*** Opening Exercise inputs ***

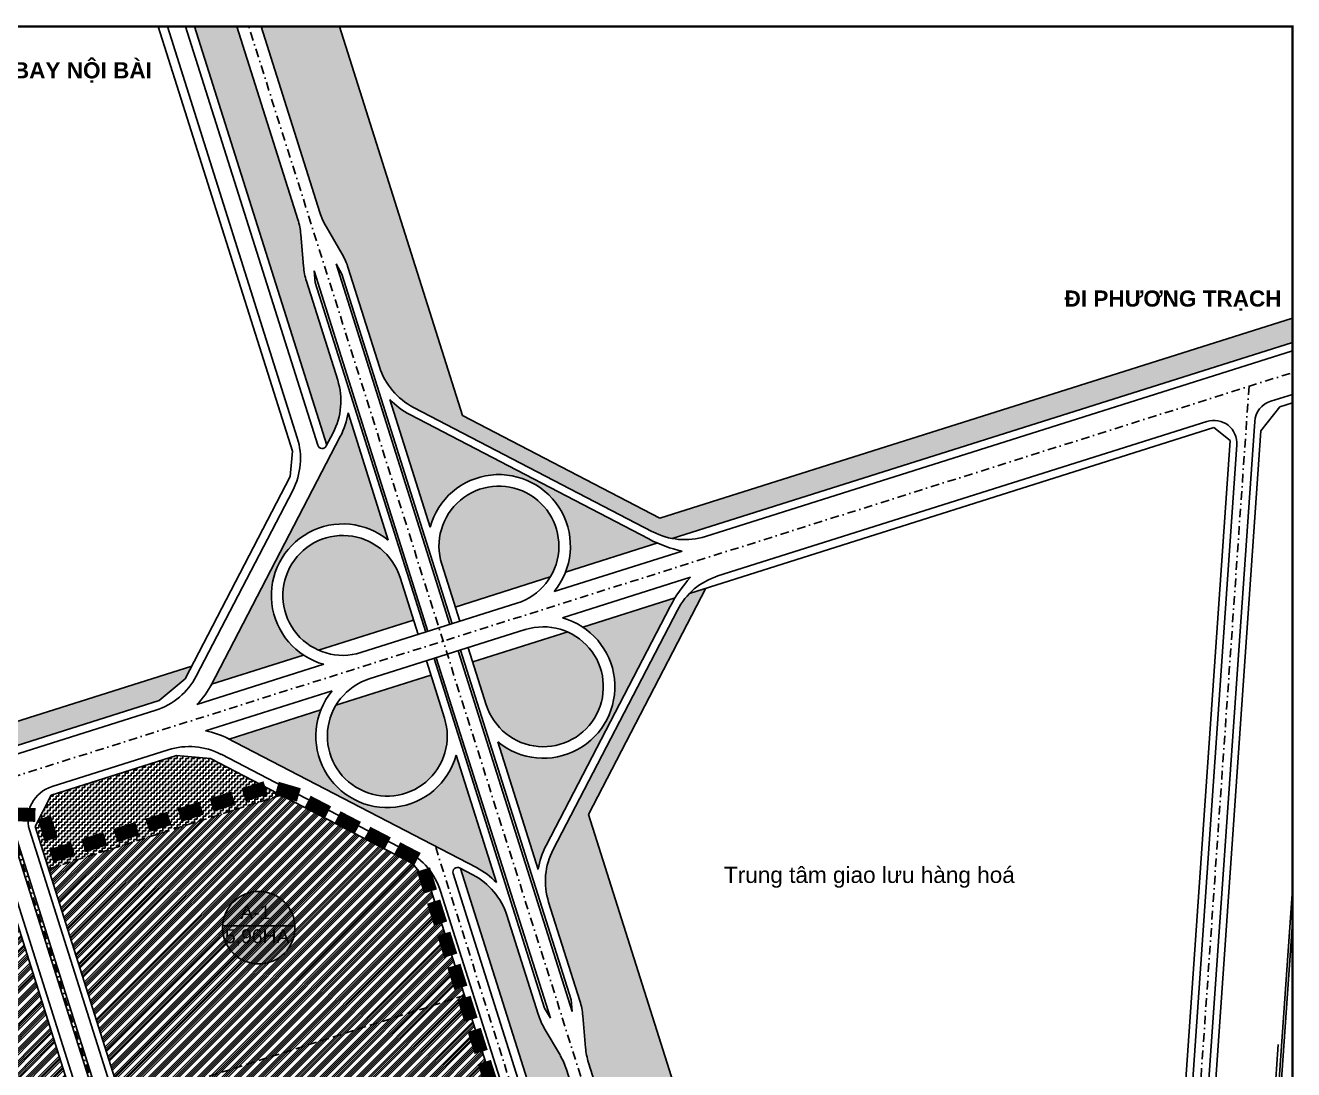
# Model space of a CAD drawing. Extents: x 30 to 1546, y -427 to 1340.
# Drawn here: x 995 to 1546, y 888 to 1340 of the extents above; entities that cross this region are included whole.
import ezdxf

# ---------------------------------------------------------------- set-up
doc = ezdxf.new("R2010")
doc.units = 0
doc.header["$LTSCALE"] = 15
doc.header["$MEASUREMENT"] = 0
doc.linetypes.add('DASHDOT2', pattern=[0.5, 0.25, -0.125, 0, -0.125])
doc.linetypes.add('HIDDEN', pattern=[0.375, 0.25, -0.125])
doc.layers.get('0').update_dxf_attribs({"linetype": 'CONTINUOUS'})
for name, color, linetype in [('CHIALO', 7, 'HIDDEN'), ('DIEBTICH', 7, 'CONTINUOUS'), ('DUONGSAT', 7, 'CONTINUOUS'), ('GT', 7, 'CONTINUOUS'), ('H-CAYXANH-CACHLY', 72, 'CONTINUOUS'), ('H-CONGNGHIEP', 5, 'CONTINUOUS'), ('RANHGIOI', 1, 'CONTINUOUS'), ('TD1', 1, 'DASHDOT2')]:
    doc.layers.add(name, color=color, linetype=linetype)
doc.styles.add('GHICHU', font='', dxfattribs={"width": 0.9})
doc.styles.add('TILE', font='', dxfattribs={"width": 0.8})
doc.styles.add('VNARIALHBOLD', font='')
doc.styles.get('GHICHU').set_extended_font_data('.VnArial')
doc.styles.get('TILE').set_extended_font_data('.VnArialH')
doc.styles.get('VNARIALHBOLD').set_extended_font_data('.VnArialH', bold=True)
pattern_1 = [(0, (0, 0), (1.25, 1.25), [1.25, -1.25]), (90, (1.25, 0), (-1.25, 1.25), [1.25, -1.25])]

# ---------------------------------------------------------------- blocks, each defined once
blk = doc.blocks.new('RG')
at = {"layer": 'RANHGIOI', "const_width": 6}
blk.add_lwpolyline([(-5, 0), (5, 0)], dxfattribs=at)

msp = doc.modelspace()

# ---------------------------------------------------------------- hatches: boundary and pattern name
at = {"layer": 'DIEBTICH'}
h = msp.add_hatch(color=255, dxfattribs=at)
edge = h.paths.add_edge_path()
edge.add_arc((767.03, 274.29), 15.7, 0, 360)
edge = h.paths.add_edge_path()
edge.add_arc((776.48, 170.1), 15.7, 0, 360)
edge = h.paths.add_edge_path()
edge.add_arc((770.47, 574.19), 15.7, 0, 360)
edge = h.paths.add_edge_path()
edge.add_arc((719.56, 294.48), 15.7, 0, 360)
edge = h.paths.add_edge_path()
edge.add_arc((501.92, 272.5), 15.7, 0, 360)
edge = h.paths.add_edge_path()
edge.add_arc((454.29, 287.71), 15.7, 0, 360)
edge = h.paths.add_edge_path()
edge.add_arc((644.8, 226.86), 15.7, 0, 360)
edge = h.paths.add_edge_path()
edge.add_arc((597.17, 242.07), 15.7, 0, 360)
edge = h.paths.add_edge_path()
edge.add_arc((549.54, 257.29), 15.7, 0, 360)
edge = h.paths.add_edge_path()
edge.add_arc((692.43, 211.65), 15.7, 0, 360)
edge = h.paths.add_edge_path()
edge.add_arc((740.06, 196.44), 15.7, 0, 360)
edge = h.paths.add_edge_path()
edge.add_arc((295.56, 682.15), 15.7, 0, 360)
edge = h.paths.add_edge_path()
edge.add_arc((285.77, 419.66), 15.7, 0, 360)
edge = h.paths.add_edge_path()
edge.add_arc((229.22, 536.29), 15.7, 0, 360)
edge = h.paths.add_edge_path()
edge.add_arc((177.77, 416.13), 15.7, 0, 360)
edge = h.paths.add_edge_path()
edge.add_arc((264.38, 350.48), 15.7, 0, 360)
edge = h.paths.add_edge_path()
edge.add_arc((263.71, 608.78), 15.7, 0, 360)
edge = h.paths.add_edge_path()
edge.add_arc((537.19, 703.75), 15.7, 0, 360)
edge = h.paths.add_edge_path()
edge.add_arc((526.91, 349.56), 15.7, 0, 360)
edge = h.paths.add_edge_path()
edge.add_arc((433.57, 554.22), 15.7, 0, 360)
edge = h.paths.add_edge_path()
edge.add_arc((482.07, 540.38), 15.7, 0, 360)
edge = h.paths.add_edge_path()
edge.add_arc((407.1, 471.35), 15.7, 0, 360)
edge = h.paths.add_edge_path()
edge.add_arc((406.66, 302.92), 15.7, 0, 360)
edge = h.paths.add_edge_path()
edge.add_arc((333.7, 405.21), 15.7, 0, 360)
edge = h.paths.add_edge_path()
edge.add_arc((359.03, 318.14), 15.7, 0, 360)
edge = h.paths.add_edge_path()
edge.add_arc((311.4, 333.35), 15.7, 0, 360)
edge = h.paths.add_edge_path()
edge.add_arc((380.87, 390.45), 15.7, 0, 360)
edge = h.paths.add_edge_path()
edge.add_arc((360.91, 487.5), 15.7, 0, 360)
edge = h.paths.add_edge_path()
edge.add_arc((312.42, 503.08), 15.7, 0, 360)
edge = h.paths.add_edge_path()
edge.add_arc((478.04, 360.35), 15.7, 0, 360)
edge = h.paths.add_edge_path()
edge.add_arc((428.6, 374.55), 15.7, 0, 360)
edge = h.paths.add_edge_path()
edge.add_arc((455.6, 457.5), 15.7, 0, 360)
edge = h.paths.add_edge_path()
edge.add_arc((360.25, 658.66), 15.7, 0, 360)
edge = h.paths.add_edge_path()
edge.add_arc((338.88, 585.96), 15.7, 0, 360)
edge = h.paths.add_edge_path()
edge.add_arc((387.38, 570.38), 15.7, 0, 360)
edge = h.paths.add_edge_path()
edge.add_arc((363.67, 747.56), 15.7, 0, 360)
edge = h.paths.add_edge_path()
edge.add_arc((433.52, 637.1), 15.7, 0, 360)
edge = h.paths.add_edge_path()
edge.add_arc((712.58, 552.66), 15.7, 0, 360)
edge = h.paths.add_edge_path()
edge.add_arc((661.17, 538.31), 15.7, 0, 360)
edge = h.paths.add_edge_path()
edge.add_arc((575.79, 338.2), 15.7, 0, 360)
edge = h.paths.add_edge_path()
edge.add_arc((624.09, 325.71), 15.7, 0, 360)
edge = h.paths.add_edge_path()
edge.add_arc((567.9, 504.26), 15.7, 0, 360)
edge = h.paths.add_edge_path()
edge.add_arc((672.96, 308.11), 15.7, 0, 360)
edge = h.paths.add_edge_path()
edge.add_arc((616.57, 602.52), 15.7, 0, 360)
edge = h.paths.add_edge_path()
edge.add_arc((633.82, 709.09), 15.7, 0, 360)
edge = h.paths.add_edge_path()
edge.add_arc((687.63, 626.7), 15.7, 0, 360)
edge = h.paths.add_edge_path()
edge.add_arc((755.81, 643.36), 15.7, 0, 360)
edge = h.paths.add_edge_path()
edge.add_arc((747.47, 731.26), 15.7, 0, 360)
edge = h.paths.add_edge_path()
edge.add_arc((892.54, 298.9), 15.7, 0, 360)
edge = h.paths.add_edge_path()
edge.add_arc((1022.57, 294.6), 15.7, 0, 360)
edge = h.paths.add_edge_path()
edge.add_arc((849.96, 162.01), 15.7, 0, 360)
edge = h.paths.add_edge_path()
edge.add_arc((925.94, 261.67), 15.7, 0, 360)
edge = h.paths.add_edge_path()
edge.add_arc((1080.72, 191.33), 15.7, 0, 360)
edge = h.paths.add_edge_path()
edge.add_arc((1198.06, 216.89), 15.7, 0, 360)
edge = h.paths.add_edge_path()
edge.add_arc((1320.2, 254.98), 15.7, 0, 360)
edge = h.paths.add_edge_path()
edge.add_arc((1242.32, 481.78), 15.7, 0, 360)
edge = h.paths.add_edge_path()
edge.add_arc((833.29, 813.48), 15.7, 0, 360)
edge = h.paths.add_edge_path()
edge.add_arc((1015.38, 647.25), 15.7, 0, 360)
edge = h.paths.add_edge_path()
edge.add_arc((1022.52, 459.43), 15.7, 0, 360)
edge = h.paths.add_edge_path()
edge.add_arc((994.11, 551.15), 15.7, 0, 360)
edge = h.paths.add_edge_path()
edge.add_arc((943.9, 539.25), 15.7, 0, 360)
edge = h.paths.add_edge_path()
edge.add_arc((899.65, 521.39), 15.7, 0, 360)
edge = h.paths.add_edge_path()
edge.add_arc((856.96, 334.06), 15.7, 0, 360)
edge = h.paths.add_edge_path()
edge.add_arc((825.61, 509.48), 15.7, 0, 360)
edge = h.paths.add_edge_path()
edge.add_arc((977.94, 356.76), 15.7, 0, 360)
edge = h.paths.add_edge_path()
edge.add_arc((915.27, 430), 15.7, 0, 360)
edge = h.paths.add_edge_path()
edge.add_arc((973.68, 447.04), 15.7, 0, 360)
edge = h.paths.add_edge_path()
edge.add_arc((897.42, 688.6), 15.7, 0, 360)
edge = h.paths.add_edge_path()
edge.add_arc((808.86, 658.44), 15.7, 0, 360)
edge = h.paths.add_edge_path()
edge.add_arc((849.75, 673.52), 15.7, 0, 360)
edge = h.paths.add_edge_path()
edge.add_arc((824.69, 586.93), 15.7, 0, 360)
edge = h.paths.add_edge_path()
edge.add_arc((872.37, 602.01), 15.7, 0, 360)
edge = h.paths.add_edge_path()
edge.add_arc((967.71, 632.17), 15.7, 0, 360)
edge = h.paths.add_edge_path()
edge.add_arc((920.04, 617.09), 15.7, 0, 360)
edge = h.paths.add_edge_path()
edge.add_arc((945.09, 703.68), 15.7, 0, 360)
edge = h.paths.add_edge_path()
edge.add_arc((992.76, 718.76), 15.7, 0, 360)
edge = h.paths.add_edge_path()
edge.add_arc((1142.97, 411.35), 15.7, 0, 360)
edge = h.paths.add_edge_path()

*** Closing Exercise inputs ***

● Work required: Where a line of the records holds the word "color", copy that line.

● Exercise result:
for name, color, linetype in [('CHIALO', 7, 'HIDDEN'), ('DIEBTICH', 7, 'CONTINUOUS'), ('DUONGSAT', 7, 'CONTINUOUS'), ('GT', 7, 'CONTINUOUS'), ('H-CAYXANH-CACHLY', 72, 'CONTINUOUS'), ('H-CONGNGHIEP', 5, 'CONTINUOUS'), ('RANHGIOI', 1, 'CONTINUOUS'), ('TD1', 1, 'DASHDOT2')]:
    doc.layers.add(name, color=color, linetype=linetype)
h = msp.add_hatch(color=255, dxfattribs=at)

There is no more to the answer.